The web is an accommodating and forgiving place. All manner of information is stored on web servers all over the world providing instant global access to web pages.
It is such a convenient channel of communication that it is easy to forget that it can be a pretty cranky place when you start to follow links, particularly if you try and find older material. You can all too regularly find yourself coming across a dead end.
The ‘404 error message’ will probably be familiar to almost all web users and signals that the page or the file you want is no longer associated with the web address (URL) displayed in the web browser. Although the neighbouring pages may be accessible and functioning, the error message indicates that the file you are trying to access has been moved or deleted and there is no forwarding address. This phenomenon is referred to as ‘link rot’.
Link rot is a big problem
Like rotten timbers in a house, it can be a sign of neglect or under-investment. It is inconvenient for the user who is then unable to get to the resources they want. It can also give the impression that the organisations involved are not paying sufficient attention to the integrity of the links. So link rot is not only a practical problem but also a reputational issue.
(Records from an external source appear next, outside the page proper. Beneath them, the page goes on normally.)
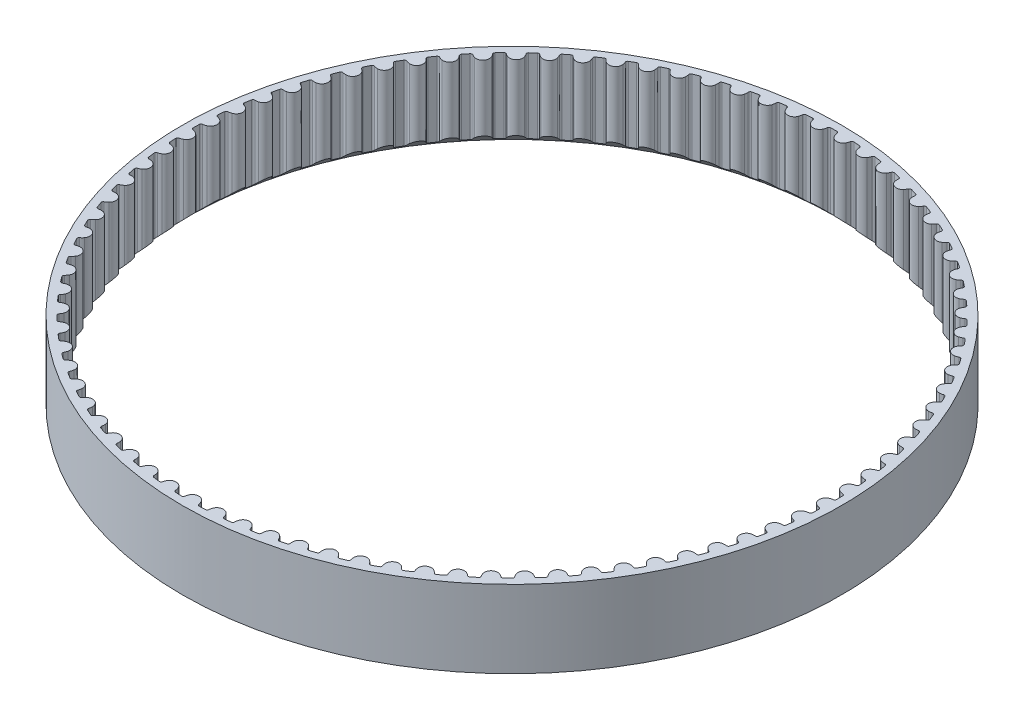
from build123d import *

# Parameters (mm, degrees)
BOSS_EXTRUDE3_OUTLINE_R = 27.685
BOSS_EXTRUDE3_DEPTH     = 6.5


# Read off the part's stored shape, not the designer's step: Boss-Extrude3
with BuildPart() as part:
    # Boss-Extrude3 outline → Boss-Extrude3 (new body)
    with BuildSketch(Plane(origin=(0, 0, 0), x_dir=(1, 0, 0), z_dir=(0, 1, 0))):
        Circle(BOSS_EXTRUDE3_OUTLINE_R)
        with BuildLine():
            ThreePointArc((-0.406733695, 26.901015291), (-0.35782791, 26.994719783), (-0.259268366, 27.032907789))
            ThreePointArc((-0.259268366, 27.032907789), (4.95e-05, 27.034151062), (0.259367362, 27.03290684))
            ThreePointArc((0.259367362, 27.03290684), (0.357926765, 26.994718472), (0.406832207, 26.901013801))
            ThreePointArc((0.406832207, 26.901013801), (0.435415402, 26.756177152), (0.485011037, 26.617127065))
            ThreePointArc((0.485011037, 26.617127065), (0.972057324, 26.287033487), (1.48215289, 26.58025417))
            ThreePointArc((1.48215289, 26.58025417), (1.541882783, 26.715261554), (1.581084995, 26.857591594))
            ThreePointArc((1.581084995, 26.857591594), (1.636777541, 26.947428379), (1.737888216, 26.97823323))
            ThreePointArc((1.737888216, 26.97823323), (1.996589749, 26.960321827), (2.255107569, 26.939929723))
            ThreePointArc((2.255107569, 26.939929723), (2.350577517, 26.89456678), (2.39242908, 26.79750621))
            ThreePointArc((2.39242908, 26.79750621), (2.410237667, 26.650954144), (2.449428664, 26.508621015))
            ThreePointArc((2.449428664, 26.508621015), (2.910766667, 26.143459266), (3.441124339, 26.398207367))
            ThreePointArc((3.441124339, 26.398207367), (3.510661756, 26.528434866), (3.560268348, 26.667481045))
            ThreePointArc((3.560268348, 26.667481045), (3.62244348, 26.752959466), (3.725553056, 26.776212915))
            ThreePointArc((3.725553056, 26.776212915), (3.982225317, 26.739244663), (4.238531162, 26.699816052))
            ThreePointArc((4.238531162, 26.699816052), (4.33039023, 26.647526291), (4.364959335, 26.547639933))
            ThreePointArc((4.364959335, 26.547639933), (4.371896049, 26.400172866), (4.400468361, 26.25533407))
            ThreePointArc((4.400468361, 26.25533407), (4.833578411, 25.857098537), (5.38130156, 26.07198271))
            ThreePointArc((5.38130156, 26.07198271), (5.460266712, 26.196719066), (5.520006749, 26.331721962))
            ThreePointArc((5.520006749, 26.331721962), (5.588324889, 26.412375166), (5.692870216, 26.427950211))
            ThreePointArc((5.692870216, 26.427950211), (5.946111351, 26.372127018), (6.198805367, 26.313877245))
            ThreePointArc((6.198805367, 26.313877245), (6.286551852, 26.254946253), (6.313649695, 26.152779652))
            ThreePointArc((6.313649695, 26.152779652), (6.30967665, 26.005202998), (6.327474226, 25.858649594))
            ThreePointArc((6.327474226, 25.858649594), (6.729990827, 25.429515302), (7.292087977, 25.603361925))
            ThreePointArc((7.292087977, 25.603361925), (7.380049585, 25.721925871), (7.449596787, 25.852148145))
            ThreePointArc((7.449596787, 25.852148145), (7.523684805, 25.927535631), (7.629094894, 25.935347207))
            ThreePointArc((7.629094894, 25.935347207), (7.877521787, 25.860973959), (8.125223846, 25.784221165))
            ThreePointArc((8.125223846, 25.784221165), (8.208378509, 25.718970804), (8.22785709, 25.615081957))
            ThreePointArc((8.22785709, 25.615081957), (8.212995986, 25.468201729), (8.21992162, 25.320734142))
            ThreePointArc((8.21992162, 25.320734142), (8.589646366, 24.863044872), (9.16304754, 24.994904455))
            ThreePointArc((9.16304754, 24.994904455), (9.259525186, 25.106648437), (9.338499711, 25.231378859))
            ThreePointArc((9.338499711, 25.231378859), (9.417952964, 25.301088888), (9.523652101, 25.30109433))
            ThreePointArc((9.523652101, 25.30109433), (9.765907931, 25.208577229), (10.007265171, 25.11374061))
            ThreePointArc((10.007265171, 25.11374061), (10.085373848, 25.042527254), (10.097126783, 24.937483568))
            ThreePointArc((10.097126783, 24.937483568), (10.071458786, 24.792101975), (10.067474653, 24.64452562))
            ThreePointArc((10.067474653, 24.64452562), (10.402388235, 24.160781113), (10.983961713, 24.249933484))
            ThreePointArc((10.983961713, 24.249933484), (11.088428472, 24.354247195), (11.176398988, 24.472804532))
            ThreePointArc((11.176398988, 24.472804532), (11.26078353, 24.536456371), (11.366194422, 24.52865565))
            ThreePointArc((11.366194422, 24.52865565), (11.600956072, 24.418499992), (11.834650283, 24.306097513))
            ThreePointArc((11.834650283, 24.306097513), (11.907286373, 24.229310105), (11.911249471, 24.123685291))
            ThreePointArc((11.911249471, 24.123685291), (11.874914771, 23.980596356), (11.860042631, 23.833717245))
            ThreePointArc((11.860042631, 23.833717245), (12.158315868, 23.326559546), (12.744885297, 23.372517786))
            ThreePointArc((12.744885297, 23.372517786), (12.856770607, 23.4688315), (12.953256649, 23.580568233))
            ThreePointArc((12.953256649, 23.580568233), (13.0421116, 23.637814238), (13.146658531, 23.622249959))
            ThreePointArc((13.146658531, 23.622249959), (13.372643814, 23.495057375), (13.597398639, 23.36570294))
            ThreePointArc((13.597398639, 23.36570294), (13.664165429, 23.283760867), (13.660317045, 23.178131811))
            ThreePointArc((13.660317045, 23.178131811), (13.613514089, 23.038117036), (13.587835169, 22.892737371))
            ThreePointArc((13.587835169, 22.892737371), (13.847838995, 22.3649364), (14.436200737, 22.367449501))
            ThreePointArc((14.436200737, 22.367449501), (14.554893518, 22.455237186), (14.659368114, 22.559543047))
            ThreePointArc((14.659368114, 22.559543047), (14.75220818, 22.610070561), (14.85532015, 22.586827729))
            ThreePointArc((14.85532015, 22.586827729), (15.071294813, 22.443292902), (15.28588272, 22.297693))
            ThreePointArc((15.28588272, 22.297693), (15.346415551, 22.2110438), (15.334776704, 22.105987411))
            ThreePointArc((15.334776704, 22.105987411), (15.277761114, 21.969811509), (15.241415662, 21.826725305))
            ThreePointArc((15.241415662, 21.826725305), (15.461730028, 21.281163726), (16.048670655, 21.240217963))
            ThreePointArc((16.048670655, 21.240217963), (16.173522649, 21.319000153), (16.285415194, 21.41530546))
            ThreePointArc((16.285415194, 21.41530546), (16.381733315, 21.458838518), (16.482847162, 21.428044079))
            ThreePointArc((16.482847162, 21.428044079), (16.687631626, 21.268950947), (16.890880609, 21.107900793))
            ThreePointArc((16.890880609, 21.107900793), (16.944848874, 21.017017715), (16.92548313, 20.913107775))
            ThreePointArc((16.92548313, 20.913107775), (16.858566305, 20.781514491), (16.811752829, 20.641503233))
            ThreePointArc((16.811752829, 20.641503233), (16.991174453, 20.081160716), (17.573488299, 19.99697972))
            ThreePointArc((17.573488299, 19.99697972), (17.703817608, 20.066326134), (17.822516984, 20.154104901))
            ThreePointArc((17.822516984, 20.154104901), (17.921787103, 20.190405741), (18.020350579, 20.152227883))
            ThreePointArc((18.020350579, 20.152227883), (18.212826381, 19.978445356), (18.403626366, 19.802824551))
            ThreePointArc((18.403626366, 19.802824551), (18.450735307, 19.708203966), (18.423748437, 19.606007996))
            ThreePointArc((18.423748437, 19.606007996), (18.347295853, 19.479716047), (18.290270032, 19.343544429))
            ThreePointArc((18.290270032, 19.343544429), (18.427818975, 18.77148137), (19.002325643, 18.644524908))
            ThreePointArc((19.002325643, 18.644524908), (19.137420453, 18.7040568), (19.262278366, 18.782829609))
            ThreePointArc((19.262278366, 18.782829609), (19.363958304, 18.811699969), (19.459433089, 18.766347207))
            ThreePointArc((19.459433089, 18.766347207), (19.638548995, 18.578824425), (19.815857898, 18.389592149))
            ThreePointArc((19.815857898, 18.389592149), (19.855850223, 18.291750842), (19.821389618, 18.191827))
            ThreePointArc((19.821389618, 18.191827), (19.735818834, 18.071526149), (19.668892122, 17.939937893))
            ThreePointArc((19.668892122, 17.939937893), (19.76381714, 17.359278702), (20.327378875, 17.190240167))
            ThreePointArc((20.327378875, 17.190240167), (20.466501345, 17.239632395), (20.596835864, 17.308969016))
            ThreePointArc((20.596835864, 17.308969016), (20.700370281, 17.330251216), (20.792234924, 17.27797125))
            ThreePointArc((20.792234924, 17.27797125), (20.957012664, 17.077732398), (21.119862085, 16.875922172))
            ThreePointArc((21.119862085, 16.875922172), (21.152519371, 16.775394518), (21.110773243, 16.678288553))
            ThreePointArc((21.110773243, 16.678288553), (21.016551616, 16.564635842), (20.940089544, 16.438349637))
            ThreePointArc((20.940089544, 16.438349637), (20.99187219, 15.852265673), (21.541411012, 15.642068295))
            ThreePointArc((21.541411012, 15.642068295), (21.683801303, 15.681051095), (21.818900586, 15.740572836))
            ThreePointArc((21.818900586, 15.740572836), (21.923724013, 15.754150639), (22.011476782, 15.695229005))
            ThreePointArc((22.011476782, 15.695229005), (22.161016397, 15.483367718), (22.308516909, 15.270081759))
            ThreePointArc((22.308516909, 15.270081759), (22.333660792, 15.167416806), (22.284857146, 15.073659078))
            ThreePointArc((22.284857146, 15.073659078), (22.182499281, 14.967275238), (22.096919458, 14.846980816))
            ThreePointArc((22.096919458, 14.846980816), (22.105276912, 14.258673066), (22.637791432, 14.00846487))
            ThreePointArc((22.637791432, 14.00846487), (22.782671859, 14.036825331), (22.921798039, 14.086207106))
            ThreePointArc((22.921798039, 14.086207106), (23.027337967, 14.092006356), (23.110499587, 14.026764862))
            ThreePointArc((23.110499587, 14.026764862), (23.243984343, 13.804438253), (23.37533035, 13.580841456))
            ThreePointArc((23.37533035, 13.580841456), (23.392823503, 13.476599924), (23.337228886, 13.386702504))
            ThreePointArc((23.337228886, 13.386702504), (23.227293828, 13.288168566), (23.133063661, 13.174522935))
            ThreePointArc((23.133063661, 13.174522935), (23.097950278, 12.587204532), (23.610532085, 12.298352067))
            ThreePointArc((23.610532085, 12.298352067), (23.75711136, 12.315935296), (23.89950458, 12.354907397))
            ThreePointArc((23.89950458, 12.354907397), (24.005184586, 12.35289642), (24.083300857, 12.281691394))
            ThreePointArc((24.083300857, 12.281691394), (24.200001708, 12.050113734), (24.314475843, 11.817427306))
            ThreePointArc((24.314475843, 11.817427306), (24.324222725, 11.712178525), (24.262140774, 11.626632403))
            ThreePointArc((24.262140774, 11.626632403), (24.14522895, 11.536486526), (24.042863092, 11.430110377))
            ThreePointArc((24.042863092, 11.430110377), (23.96447065, 10.846989052), (24.4543202, 10.521069931))
            ThreePointArc((24.4543202, 10.521069931), (24.601797758, 10.527779893), (24.746680315, 10.556129469))
            ThreePointArc((24.746680315, 10.556129469), (24.851923211, 10.546319247), (24.924567489, 10.469539586))
            ThreePointArc((24.924567489, 10.469539586), (25.023847055, 10.229975671), (25.1208241, 9.989470465))
            ThreePointArc((25.1208241, 9.989470465), (25.122771476, 9.883789269), (25.054541264, 9.803061667))
            ThreePointArc((25.054541264, 9.803061667), (24.931291204, 9.721796198), (24.821348743, 9.62327052))
            ThreePointArc((24.821348743, 9.62327052), (24.700105392, 9.047531078), (25.164547297, 8.686325358))
            ThreePointArc((25.164547297, 8.686325358), (25.312117668, 8.682125406), (25.458698264, 8.699697622))
            ThreePointArc((25.458698264, 8.699697622), (25.56292925, 8.682141736), (25.629704776, 8.600206783))
            ThreePointArc((25.629704776, 8.600206783), (25.711020826, 8.353965029), (25.789971127, 8.106954602))
            ThreePointArc((25.789971127, 8.106954602), (25.784108362, 8.001418184), (25.710102537, 7.925950009))
            ThreePointArc((25.710102537, 7.925950009), (25.581187391, 7.854008789), (25.464268793, 7.763871697))
            ThreePointArc((25.464268793, 7.763871697), (25.300836725, 7.198658627), (25.737334364, 6.804139089))
            ThreePointArc((25.737334364, 6.804139089), (25.884191568, 6.789052162), (26.03166963, 6.795751043))
            ThreePointArc((26.03166963, 6.795751043), (26.134319433, 6.770545378), (26.194861504, 6.683902633))
            ThreePointArc((26.194861504, 6.683902633), (26.257769918, 6.432327927), (26.318262275, 6.180161363))
            ThreePointArc((26.318262275, 6.180161363), (26.304621388, 6.075346127), (26.225244145, 6.005549559))
            ThreePointArc((26.225244145, 6.005549559), (26.091368004, 5.943325508), (25.968111838, 5.862069299))
            ThreePointArc((25.968111838, 5.862069299), (25.76338366, 5.310469599), (26.169553036, 4.884790972))
            ThreePointArc((26.169553036, 4.884790972), (26.314894991, 4.858899468), (26.462465045, 4.854688428))
            ThreePointArc((26.462465045, 4.854688428), (26.562973027, 4.821970648), (26.616950982, 4.731093325))
            ThreePointArc((26.616950982, 4.731093325), (26.661108176, 4.47555968), (26.702812201, 4.219614226))
            ThreePointArc((26.702812201, 4.219614226), (26.681467695, 4.116092636), (26.597152564, 4.052348881))
            ThreePointArc((26.597152564, 4.052348881), (26.459046612, 4.000181844), (26.330126061, 3.928250311))
            ThreePointArc((26.330126061, 3.928250311), (26.085219929, 3.393276628), (26.458842683, 2.93876382))
            ThreePointArc((26.458842683, 2.93876382), (26.601875582, 2.902209151), (26.748731652, 2.887111189))
            ThreePointArc((26.748731652, 2.887111189), (26.846548873, 2.847059987), (26.893667904, 2.752444426))
            ThreePointArc((26.893667904, 2.752444426), (26.918832707, 2.494347479), (26.941520626, 2.236021019))
            ThreePointArc((26.941520626, 2.236021019), (26.912589077, 2.134358475), (26.823796559, 2.077015678))
            ThreePointArc((26.823796559, 2.077015678), (26.682215082, 2.035190575), (26.548334266, 1.972976582))
            ThreePointArc((26.548334266, 1.972976582), (26.264587771, 1.457550756), (26.603623307, 0.976686159))
            ThreePointArc((26.603623307, 0.976686159), (26.743565953, 0.929667974), (26.888905962, 0.90376555))
            ThreePointArc((26.888905962, 0.90376555), (26.983498179, 0.856599672), (27.023500937, 0.75876263))
            ThreePointArc((27.023500937, 0.75876263), (27.029535908, 0.499512017), (27.033083808, 0.240215442))
            ThreePointArc((27.033083808, 0.240215442), (26.996723231, 0.140967187), (26.903938279, 0.090338536))
            ThreePointArc((26.903938279, 0.090338536), (26.759654548, 0.059083799), (26.621544676, 0.00692714))
            ThreePointArc((26.621544676, 0.00692714), (26.300507543, -0.486135751), (26.603104166, -0.990725822))
            ThreePointArc((26.603104166, -0.990725822), (26.73919224, -1.047950728), (26.882222392, -1.084516143))
            ThreePointArc((26.882222392, -1.084516143), (26.973072974, -1.138539094), (27.00574098, -1.239063265))
            ThreePointArc((27.00574098, -1.239063265), (26.992613157, -1.498051608), (26.977001661, -1.75690211))
            ThreePointArc((26.977001661, -1.75690211), (26.933410644, -1.853194014), (26.837140018, -1.896832003))
            ThreePointArc((26.837140018, -1.896832003), (26.690942059, -1.917345671), (26.54935744, -1.959160137))
            ThreePointArc((26.54935744, -1.959160137), (26.192783063, -2.427167155), (26.457288095, -2.952726803))
            ThreePointArc((26.457288095, -2.952726803), (26.588778333, -3.019845885), (26.728717445, -3.066874586))
            ThreePointArc((26.728717445, -3.066874586), (26.815330199, -3.127459554), (26.84048503, -3.230121826))
            ThreePointArc((26.84048503, -3.230121826), (26.808266113, -3.487433393), (26.773580486, -3.744424071))
            ThreePointArc((26.773580486, -3.744424071), (26.722997107, -3.837233712), (26.623766604, -3.873642705))
            ThreePointArc((26.623766604, -3.873642705), (26.4764529, -3.883303264), (26.33216682, -3.91454716))
            ThreePointArc((26.33216682, -3.91454716), (25.942002685, -4.354942213), (26.166971491, -4.898601014))
            ThreePointArc((26.166971491, -4.898601014), (26.293145738, -4.975247692), (26.429229513, -5.032482822))
            ThreePointArc((26.429229513, -5.032482822), (26.511131389, -5.099298914), (26.528635658, -5.203538581))
            ThreePointArc((26.528635658, -5.203538581), (26.477501616, -5.457768027), (26.423931298, -5.711495287))
            ThreePointArc((26.423931298, -5.711495287), (26.366631827, -5.80031577), (26.264983409, -5.829296913))
            ThreePointArc((26.264983409, -5.829296913), (26.117358537, -5.828051601), (25.971159037, -5.848554284))
            ThreePointArc((25.971159037, -5.848554284), (25.549536084, -6.258932087), (25.733739963, -6.817720765))
            ThreePointArc((25.733739963, -6.817720765), (25.853909099, -6.903476421), (25.985394293, -6.970605383))
            ThreePointArc((25.985394293, -6.970605383), (26.062137973, -7.043287672), (26.071896078, -7.148535413))
            ThreePointArc((26.071896078, -7.148535413), (26.002126186, -7.398294224), (25.92996376, -7.647372296))
            ThreePointArc((25.92996376, -7.647372296), (25.866261148, -7.731718515), (25.762749983, -7.753113522))
            ThreePointArc((25.762749983, -7.753113522), (25.615620218, -7.740969142), (25.468305788, -7.750618633))
            ThreePointArc((25.468305788, -7.750618633), (25.017526777, -8.128737845), (25.159959671, -8.699604489))
            ThreePointArc((25.159959671, -8.699604489), (25.273467374, -8.794000756), (25.399635861, -8.870656914))
            ThreePointArc((25.399635861, -8.870656914), (25.470802196, -8.948808436), (25.472760842, -9.054489424))
            ThreePointArc((25.472760842, -9.054489424), (25.384736161, -9.298413504), (25.294375753, -9.541482009))
            ThreePointArc((25.294375753, -9.541482009), (25.224617919, -9.620893294), (25.11980935, -9.634585315))
            ThreePointArc((25.11980935, -9.634585315), (24.973978264, -9.611608193), (24.826353486, -9.61035179))
            ThreePointArc((24.826353486, -9.61035179), (24.348880414, -9.954147255), (24.448764404, -10.533973991))
            ThreePointArc((24.448764404, -10.533973991), (24.554990734, -10.636495309), (24.675153426, -10.722259994))
            ThreePointArc((24.675153426, -10.722259994), (24.740353731, -10.805453911), (24.73450222, -10.910990953))
            ThreePointArc((24.73450222, -10.910990953), (24.628703509, -11.147748074), (24.520638636, -11.383479456))
            ThreePointArc((24.520638636, -11.383479456), (24.445206575, -11.45752209), (24.33967303, -11.463436343))
            ThreePointArc((24.33967303, -11.463436343), (24.195937102, -11.429751974), (24.048808249, -11.417596538))
            ThreePointArc((24.048808249, -11.417596538), (23.54724891, -11.725190564), (23.604038464, -12.310810579))
            ThreePointArc((23.604038464, -12.310810579), (23.70240325, -12.420897012), (23.81590386, -12.515301807))
            ThreePointArc((23.81590386, -12.515301807), (23.874782033, -12.603083743), (23.861152324, -12.707900433))
            ThreePointArc((23.861152324, -12.707900433), (23.738157419, -12.936197509), (23.612978294, -13.163304286))
            ThreePointArc((23.612978294, -13.163304286), (23.532283989, -13.231573874), (23.426601856, -13.229678057))
            ThreePointArc((23.426601856, -13.229678057), (23.285746121, -13.185470412), (23.139916761, -13.162482334))
            ThreePointArc((23.139916761, -13.162482334), (22.617010498, -13.432194949), (22.630395451, -14.020409789))
            ThreePointArc((22.630395451, -14.020409789), (22.720361458, -14.137460083), (22.826580085, -14.239989382))
            ThreePointArc((22.826580085, -14.239989382), (22.878814554, -14.331879902), (22.857481088, -14.435403768))
            ThreePointArc((22.857481088, -14.435403768), (22.717961745, -14.65399392), (22.576352053, -14.871235712))
            ThreePointArc((22.576352053, -14.871235712), (22.490836229, -14.93335939), (22.385582706, -14.923663857))
            ThreePointArc((22.385582706, -14.923663857), (22.24837647, -14.869174384), (22.104643073, -14.835479215))
            ThreePointArc((22.104643073, -14.835479215), (21.563245817, -15.065837343), (21.533153065, -15.653434383))
            ThreePointArc((21.533153065, -15.653434383), (21.614228931, -15.77680925), (21.712585446, -15.886903073))
            ThreePointArc((21.712585446, -15.886903073), (21.757890924, -15.982400304), (21.728970217, -16.084065934))
            ThreePointArc((21.728970217, -16.084065934), (21.573688442, -16.291755297), (21.416421606, -16.497945606))
            ThreePointArc((21.416421606, -16.497945606), (21.32655132, -16.553584075), (21.222301265, -16.536141781))
            ThreePointArc((21.222301265, -16.536141781), (21.089493902, -16.471668081), (20.948641489, -16.427449854))
            ThreePointArc((20.948641489, -16.427449854), (20.391710165, -16.617195357), (20.318304065, -17.200965346))
            ThreePointArc((20.318304065, -17.200965346), (20.390046981, -17.329990955), (20.480004194, -17.447048008))
            ThreePointArc((20.480004194, -17.447048008), (20.518133239, -17.545630377), (20.481783245, -17.644882508))
            ThreePointArc((20.481783245, -17.644882508), (20.311587134, -17.840536757), (20.139522091, -18.034549443))
            ThreePointArc((20.139522091, -18.034549443), (20.045788183, -18.083398825), (19.943110975, -18.058305032))
            ThreePointArc((19.943110975, -18.058305032), (19.81542783, -17.98419924), (19.678225689, -17.929699457))
            ThreePointArc((19.678225689, -17.929699457), (19.108802064, -18.077796013), (18.992483534, -18.654550601))
            ThreePointArc((18.992483534, -18.654550601), (19.054501665, -18.78852226), (19.135568261, -18.911903218))
            ThreePointArc((19.135568261, -18.911903218), (19.166312625, -19.013032302), (19.122731876, -19.109328853))
            ThreePointArc((19.122731876, -19.109328853), (18.93855098, -19.291879391), (18.75262749, -19.472654824))
            ThreePointArc((18.75262749, -19.472654824), (18.655541903, -19.514448321), (18.554998328, -19.481840083))
            ThreePointArc((18.554998328, -19.481840083), (18.433136764, -19.398506938), (18.300334245, -19.33402326))
            ThreePointArc((18.300334245, -19.33402326), (17.721528312, -19.439662016), (17.562932644, -20.00625117))
            ThreePointArc((17.562932644, -20.00625117), (17.614887268, -20.144437171), (17.68662049, -20.27346817))
            ThreePointArc((17.68662049, -20.27346817), (17.709812258, -20.376591637), (17.659238777, -20.469406671))
            ThreePointArc((17.659238777, -20.469406671), (17.462079028, -20.63785647), (17.26331254, -20.804407316))
            ThreePointArc((17.26331254, -20.804407316), (17.163405522, -20.838916667), (17.065544715, -20.798972079))
            ThreePointArc((17.065544715, -20.798972079), (16.950170297, -20.706866718), (16.822492721, -20.632751333))
            ThreePointArc((16.822492721, -20.632751333), (16.237465717, -20.695355326), (16.037459105, -21.248684532))
            ThreePointArc((16.037459105, -21.248684532), (16.079066466, -21.390330151), (16.141074531, -21.524306469))
            ThreePointArc((16.141074531, -21.524306469), (16.156587038, -21.628861094), (16.099297039, -21.717687687))
            ThreePointArc((16.099297039, -21.717687687), (15.890235256, -21.871116733), (15.679711364, -22.022533351))
            ThreePointArc((15.679711364, -22.022533351), (15.577528572, -22.049570076), (15.482885015, -22.002507303))
            ThreePointArc((15.482885015, -22.002507303), (15.374627878, -21.902132773), (15.252772576, -21.818790472))
            ThreePointArc((15.252772576, -21.818790472), (14.664719716, -21.838017782), (14.424394527, -22.375064948))
            ThreePointArc((14.424394527, -22.375064948), (14.455427378, -22.519396566), (14.50737162, -22.65758647))
            ThreePointArc((14.50737162, -22.65758647), (14.515120142, -22.763001213), (14.451426524, -22.847354225))
            ThreePointArc((14.451426524, -22.847354225), (14.231604529, -22.984924541), (14.010473041, -23.120379945))
            ThreePointArc((14.010473041, -23.120379945), (13.906572562, -23.13979638), (13.815663165, -23.085872461))
            ThreePointArc((13.815663165, -23.085872461), (13.715114573, -22.977776974), (13.599747076, -22.885662944))
            ThreePointArc((13.599747076, -22.885662944), (13.011880101, -22.861408558), (12.732548908, -23.379240519))
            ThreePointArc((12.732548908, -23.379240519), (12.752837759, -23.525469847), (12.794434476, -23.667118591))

…it’s having a big effect…
Universities and colleges were amongst the first types of organisations to start engaging with the web and over the years some web servers have become used as file stores or repositories. Used this way these servers are relied upon to provide long term access to information about research projects or learning resources. However, this is not a good solution for the long term management of such resources. When a project finishes and staff move on, content can get shifted around or deleted and this is when link rot sets in.
…but universities and colleges can protect themselves…
The best way of tackling the problem is to make sure that different types of resources are managed according to pre-established policies and that there is infrastructure in place to store and archive them appropriately. It is the job of the institutional repository or digital asset management system (not the web server) to store documents for the long term.
If there is some necessity to re-design a website or impose some new structure, then care should be taken not to break old links and a series of “redirects” should be set up which will tell the web browser that the requested page is to be found at a new location. As a first step, it is easy to check for dead links on a web site. The Online Broken Link Checker is very easy to use and the free version will check up to 3,000 pages in one scan.
…and work is being done to mitigate against it
The process of depositing items into a well-managed digital environment should include assigning a “persistent identifier”. There are a number of schemes in place that can be used to uniquely identify digital objects and provide stable addresses for them over time, for example the Digital Object Identifier (DOI) system. Collaboration with national or local web archiving initiatives can help, as can redirects to an archived copy of a resource if it is no longer available on a “live” website.
This article originally featured in issue 40 of Jisc Inform (via the Wayback Machine).